If you were doing that research *for her* then would it have hurt to put it off and play with the baby like she asked? You could have said "If I play with the baby, that means that I'm not working on getting us two cars-- which would you rather I do right now?" That would give her a measure of control and would probably have made her feel more appreciated/valued. It would have also driven home the point that you can't do *everything*-- she needs to decide what is more important to her right then-- your playing with your child or finding a solution to the car issue.

I'm not trying to pick on you, but from what you've posted-- the lack of communication goes both ways.

"When she went to feed him a few feet away from me, she was singing songs and was making loud noise and I couldn't focus so I took the computer into the bedroom."

I'm going to guess that she thought that you were mad at her and that's why you went into the bedroom (particularly since she thought you were "isolating" yourself). You could have said "I know you like singing to the baby, but if you want me to do this, I need to go into the bedroom where I can concentrate." Then she wouldn't have misunderstood your actions.

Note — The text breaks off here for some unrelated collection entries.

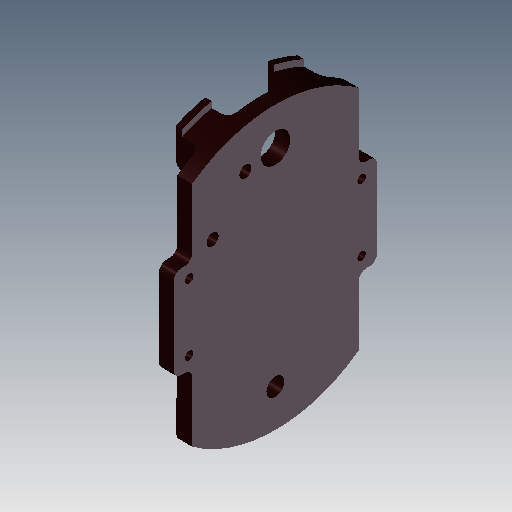
# Autodesk Inventor part: bottom_cap
Saved by Autodesk Inventor 2018 (Build 220112000, 112)
## iProperties
Created: 2018-12-05
Part Number: bottom_cap
Material: Generic
Document SubType Name: Modeling
Designer: Koki
Density: 1 g/cm^3
Appearance: Chestnut
Author: Koki
Autodesk Inventor part; units mm, degrees
ref_plane "YZ Plane" through (0, 0, 0) normal (1, 0, 0) x (0, 1, 0)
ref_plane "XZ Plane" through (0, 0, 0) normal (0, 1, 0) x (-1, 0, 0)
ref_plane "XY Plane" through (0, 0, 0) normal (0, 0, 1) x (1, 0, 0)
sketch "Sketch1" plane through (0, 0, 0) normal (1, 0, 0) x (0, 1, 0)
  line L0 (12.5, 27.5) -> (-12.5, 27.5)
  line L1 (-12.5, 27.5) -> (-12.5, -27.5)
  line L2 (-12.5, -27.5) -> (12.5, -27.5)
  line L3 (12.5, -27.5) -> (12.5, 27.5)
  point P0 (0, 0)
  dimension "d0" = 55
  dimension "d1" = 25
  dimension "d2" = 27.5
  dimension "d3" = 12.5
  constraints: 8 end point, 2 parallel, 1 horizontal, 1 perpendicular
  measures "d0" distance of L2.end L0.start
  measures "d1" distance of L0.start L0.end
  measures "d2" distance from line of point (0, 0) L0
  measures "d3" distance from line of point (0, 0) L3
extrude "Extrusion1" add sketch "Sketch1" along normal blind 4
sketch "Sketch2" plane through (4, 0, 0) normal (1, 0, 0) x (0, 0, -1)
  circle A0 centre (-23.3, 9) radius 1.15
  circle A1 centre (-23.3, -9) radius 1.15
  line L0 (-27.5, 12.5) -> (-27.5, -12.5) projected
  point P0 (0, 0)
  dimension "d6" = 2.3
  dimension "d7" = 2.3
  dimension "d8" = 18
  dimension "d9" = 9
  dimension "d10" = 4.2
  dimension "d11" = 4.2
  constraints: 2 centre point
  measures "d6" diameter of A0
  measures "d7" diameter of A1
  measures "d8" distance of A1.centre A0.centre
  measures "d9" vertical distance of point (0, 0) A0.centre
  measures "d10" distance from line of L0 A0.centre
  measures "d11" distance from line of L0 A1.centre
extrude "Extrusion2" cut sketch "Sketch2" against normal through all
mirror "Mirror1" about plane through (0, 0, 0) normal (0, 0, 1) of "Extrusion2"
sketch "Sketch3" plane through (4, 0, 0) normal (1, 0, 0) x (0, 0, -1)
  circle A0 centre (0, 0) radius 38.1
  line L0 (-22.5, 30.7467) -> (-22.5, -30.7467)
  line L1 (22.5, 30.7467) -> (22.5, -30.7467)
  line L2 (22.5, 12.5) -> (-22.5, 12.5)
  line L3 (27.5, 12.5) -> (-27.5, 12.5) projected
  dimension "d14" = 76.2
  dimension "d15" = 45
  dimension "d16" = 22.5
  constraints: 6 end point, 4 point on circle, 3 point on line, 2 vertical, 1 centre point, 1 coincident, 1 perpendicular
  measures "d14" diameter of A0
  measures "d15" distance between parallel lines of L1 L0
  measures "d16" distance from line of point (0, 0) L0
extrude "Extrusion4" add sketch "Sketch3" against normal blind 4 contours L1 L2 L0 A0 picked at (0, 21.0333)
mirror "Mirror2" about plane through (0, 0, 0) normal (0, 1, 0) of "Extrusion4"
sketch "Sketch6" plane through (0, 0, 0) normal (-1, 0, 0) x (0, 0, 1)
  arc A0 (-22.5, -30.7467) -> (22.5, -30.7467) centre (0, 0) ccw projected
  line L0 (16.5, -34.3418) -> (16.5, -26.3418)
  line L1 (8.5, -37.1397) -> (8.5, -26.3418)
  line L2 (16.5, -26.3418) -> (8.5, -26.3418)
  line L3 (22.5, -12.5) -> (22.5, -30.7467) projected
  dimension "d29" = 8
  dimension "d30" = 6
  dimension "d31" = 8
  constraints: 6 end point, 2 point on circle, 2 vertical, 1 perpendicular
  measures "d29" distance between parallel lines of L1 L0
  measures "d30" distance between parallel lines of L3 L0
  measures "d31" distance of L0.start L0.end
extrude "Extrusion6" add sketch "Sketch6" along normal blind 6.5
sketch "Sketch7" plane through (-6.5, 0, 0) normal (-1, 0, 0) x (0, 0, 1)
  arc A0 (8.5, -37.1397) -> (16.5, -34.3418) centre (0, 0) ccw projected
  circle A1 centre (0, 0) radius 39.6875
  line L0 (16.5, -36.095) -> (16.5, -34.3418)
  line L1 (8.5, -38.7666) -> (8.5, -37.1397)
  dimension "d34" = 79.375
  constraints: 4 end point, 2 point on circle, 2 vertical, 1 centre point, 1 coincident
  measures "d34" diameter of A1
extrude "Extrusion7" add sketch "Sketch7" against normal blind 1.75 contours A0 L0 A1 L1 picked at (15.635, -35.3029)
mirror "Mirror3" about plane through (0, 0, 0) normal (0, 0, 1) of "Extrusion6", "Extrusion7"
mirror "Mirror4" about plane through (0, 0, 0) normal (0, 1, 0) of "Extrusion6", "Extrusion7", "Mirror3"
fillet "Fillet1" radius 2 4 edges at (2, -12.5, 22.5) (2, 12.5, 22.5) (2, 12.5, -22.5) (2, -12.5, -22.5)
fillet "Fillet2" radius 2 4 edges at (2, 12.5, 27.5) (2, -12.5, 27.5) (2, -12.5, -27.5) (2, 12.5, -27.5)
fillet "Fillet3" radius 2 12 edges at (0, -30.3418, 16.5) (0, -31.7408, -8.5) (0, -31.7408, 8.5) (0, -26.3418, 12.5) (0, -26.3418, -12.5) (0, -30.3418, -16.5) (0, 30.3418, -16.5) (0, 31.7408, -8.5) (0, 26.3418, -12.5) (0, 31.7408, 8.5) (0, 26.3418, 12.5) (0, 30.3418, 16.5)
fillet "Fillet4" radius 2 4 edges at (-6.5, -26.3418, 12.5) (-6.5, -26.3418, -12.5) (-6.5, 26.3418, -12.5) (-6.5, 26.3418, 12.5)
sketch "Sketch8" plane through (4, 0, 0) normal (1, 0, 0) x (0, 0, -1)
  circle A0 centre (-17, 15) radius 1.651
  circle A1 centre (-8.11, 26.43) radius 1.651
  point P0 (0, 0)
  dimension "d42" = 3.302
  dimension "d43" = 15
  dimension "d44" = 17
  dimension "d45" = 3.302
  dimension "d46" = 8.89
  dimension "d47" = 11.43
  constraints: 2 centre point
  measures "d42" diameter of A0
  measures "d43" vertical distance of point (0, 0) A0.centre
  measures "d44" horizontal distance of point (0, 0) A0.centre
  measures "d45" diameter of A1
  measures "d46" horizontal distance of A1.centre A0.centre
  measures "d47" vertical distance of A0.centre A1.centre
extrude "Extrusion8" cut sketch "Sketch8" against normal blind 10
sketch "Sketch9" plane through (4, 0, 0) normal (1, 0, 0) x (0, 0, -1)
  line L0 (0, 0) -> (11.5705, 0)
  circle A0 centre (0, -27.94) radius 2.425
  circle A1 centre (0, 27.94) radius 4
  dimension "d50" = 4.85
  dimension "d51" = 27.94
  dimension "d62" = 8
  constraints: 2 centre point, 2 end point, 1 horizontal, 1 symmetric about line
  measures "d50" diameter of A0
  measures "d51" distance from line of A0.centre L0
  measures "d62" diameter of A1
extrude "Extrusion9" cut sketch "Sketch9" against normal blind 10
sketch "Sketch10" plane through (0, 0, 0) normal (-1, 0, 0) x (0, 0, 1)
  circle A0 centre (8.11, 26.43) radius 1.651 projected
  line L0 (4.3572, 26.43) -> (6.2336, 29.68)
  line L1 (6.2336, 29.68) -> (9.9864, 29.68)
  line L2 (9.9864, 29.68) -> (11.8628, 26.43)
  line L3 (11.8628, 26.43) -> (9.9864, 23.18)
  line L4 (9.9864, 23.18) -> (6.2336, 23.18)
  line L5 (6.2336, 23.18) -> (4.3572, 26.43)
  point P0 (0, 0)
  dimension "d54" = 6.5
  constraints: 12 end point, 1 coincident, 1 horizontal, 13 other
  measures "d54" distance between parallel lines of L3 L0
extrude "Extrusion10" cut sketch "Sketch10" along normal blind 10 contours A0 | L0 L1 L2 L3 L4 L5
equation "\"d2\" = 0.5 * d0"
equation "\"d3\" = 0.5 * d1"
equation "\"d9\" = 0.5 * d8"
equation "\"d11\" = d10"
equation "\"d16\" = 0.5 * d15"
equation "\"d45\" = d42"
body "Solid1"
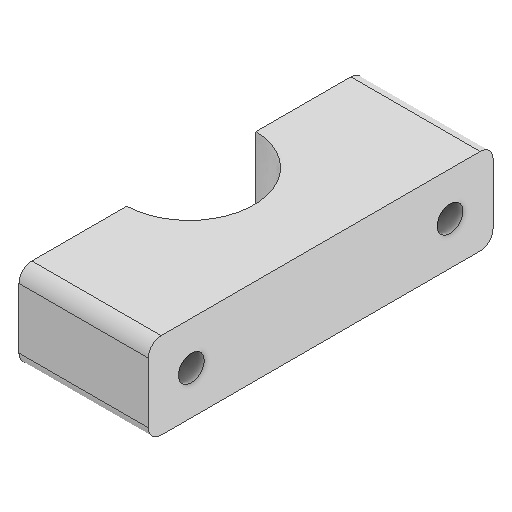
# Autodesk Inventor part: 3DP_ASA_Balcony_Mounting_Clamp_Front
Saved by Autodesk Inventor 2026.1 (Build 301233000, 233)
## iProperties
Created: 2025-06-22
Part Number: 3DP_ASA_Balcony_Mounting_Clamp_Front
Material: Generic
Document SubType Name: Modeling
Designer: User
Density: 1 g/cm^3
Appearance: Default
Author: User
Autodesk Inventor part; units mm, degrees
ref_plane "YZ Plane" through (0, 0, 0) normal (1, 0, 0) x (0, 1, 0)
ref_plane "XZ Plane" through (0, 0, 0) normal (0, 1, 0) x (-1, 0, 0)
ref_plane "XY Plane" through (0, 0, 0) normal (0, 0, 1) x (1, 0, 0)
sketch "Sketch1" plane through (0, 0, 0) normal (0, 1, 0) x (-1, 0, 0)
  line L0 (-15, 40) -> (15, 40)
  line L1 (15, 40) -> (15, -40)
  line L2 (15, -40) -> (-15, -40)
  line L3 (-15, -40) -> (-15, 40)
  arc A0 (15, 14.9917) -> (15, -14.9917) centre (15.5, 0) ccw
  point P0 (0, 0)
  dimension "d0" = 80
  dimension "d1" = 30
  dimension "d2" = 40
  dimension "d3" = 15
  dimension "d4" = 30
  dimension "d22" = 0.5
  constraints: 8 end point, 2 parallel, 2 point on circle, 2 point on line, 1 centre point, 1 horizontal, 1 perpendicular
  measures "d0" distance between parallel lines of L2 L0
  measures "d1" distance between parallel lines of L3 L1
  measures "d2" distance from line of point (0, 0) L0
  measures "d3" distance from line of L1 point (0, 0)
  measures "d4" diameter of A0
  measures "d22" distance from line of L1 A0.centre
extrude "Extrusion1" add sketch "Sketch1" along normal blind 20 contours L0 L1 A0 L2 L3
sketch "Sketch2" plane through (15, 0, 40) normal (1, 0, 0) x (0, 0, -1)
  line L0 (0, 0) -> (80, 0) projected
  line L1 (80, 0) -> (80, 20) projected
  line L2 (0, 20) -> (80, 20) projected
  line L3 (0, 0) -> (0, 20) projected
  point P0 (40, 0)
  point P1 (10, 10)
  point P2 (70, 10)
  dimension "d8" = 10
  dimension "d9" = 10
  dimension "d10" = 10
  dimension "d11" = 10
  measures "d8" distance from line of L3 point (10, 10)
  measures "d9" distance from line of L1 point (70, 10)
  measures "d10" distance from line of L2 point (10, 10)
  measures "d11" distance from line of L2 point (70, 10)
hole "Hole1" at (15, 10, 30) at (15, 10, -30) direction (-1, 0, 0) diameter 6 end through all
fillet "Fillet1" radius 3 4 edges at (0, 20, -40) (0, 20, 40) (0, 0, 40) (0, 0, -40)
equation "\"d2\" = 0.5 * d0"
equation "\"d3\" = 0.5 * d1"
equation "\"d9\" = d8"
body "Solid1"

"Anyway, she just walked in with Slurpee, and she got me one too even though she is angry at me. Why did she get me a Slurpee? "
Maybe it was a peace offering?

Problems are almost never only one person's fault. If you're really worried about the marriage falling apart-- have you talked to her about marriage counseling? Your rav might be able to provide that.

But, even if you don't go that route, assumptions are deadly. One way to get a person to communicate better is to communicate everything to her-- over communicate-- explain why you're doing everything and, if it's something that you're doing for her, ask her what she wants at each decision point (such as play with baby/work on computer). If you're explaining everything to her, she just might fall into the same pattern and start explaining everything to you (which is what you want).

Best of luck!
Ahuva

Anonymous said...

I spent all day yesterday reading your blog. I'm not really sure how I even found it, just followed a series of links and there it was. It captivated me.

I hope you guys are doing well, it sounds like you've had a great deal of changes and pressure, both of you. The first year of parenthood is not an easy thing, remember to cut each other some slack, okay?

Honestly, one thing that helped my husband and I was getting a cleaning person to come in once a month or so. It's hard when the petty details of life get overwhelming, and I can understand where both of you are coming from with that, but don't lose sight of the bigger picture. You guys are doing great.

~Goyishe mom

Zoe Strickman said...

Thank you for commenting. I'll be posting more soon.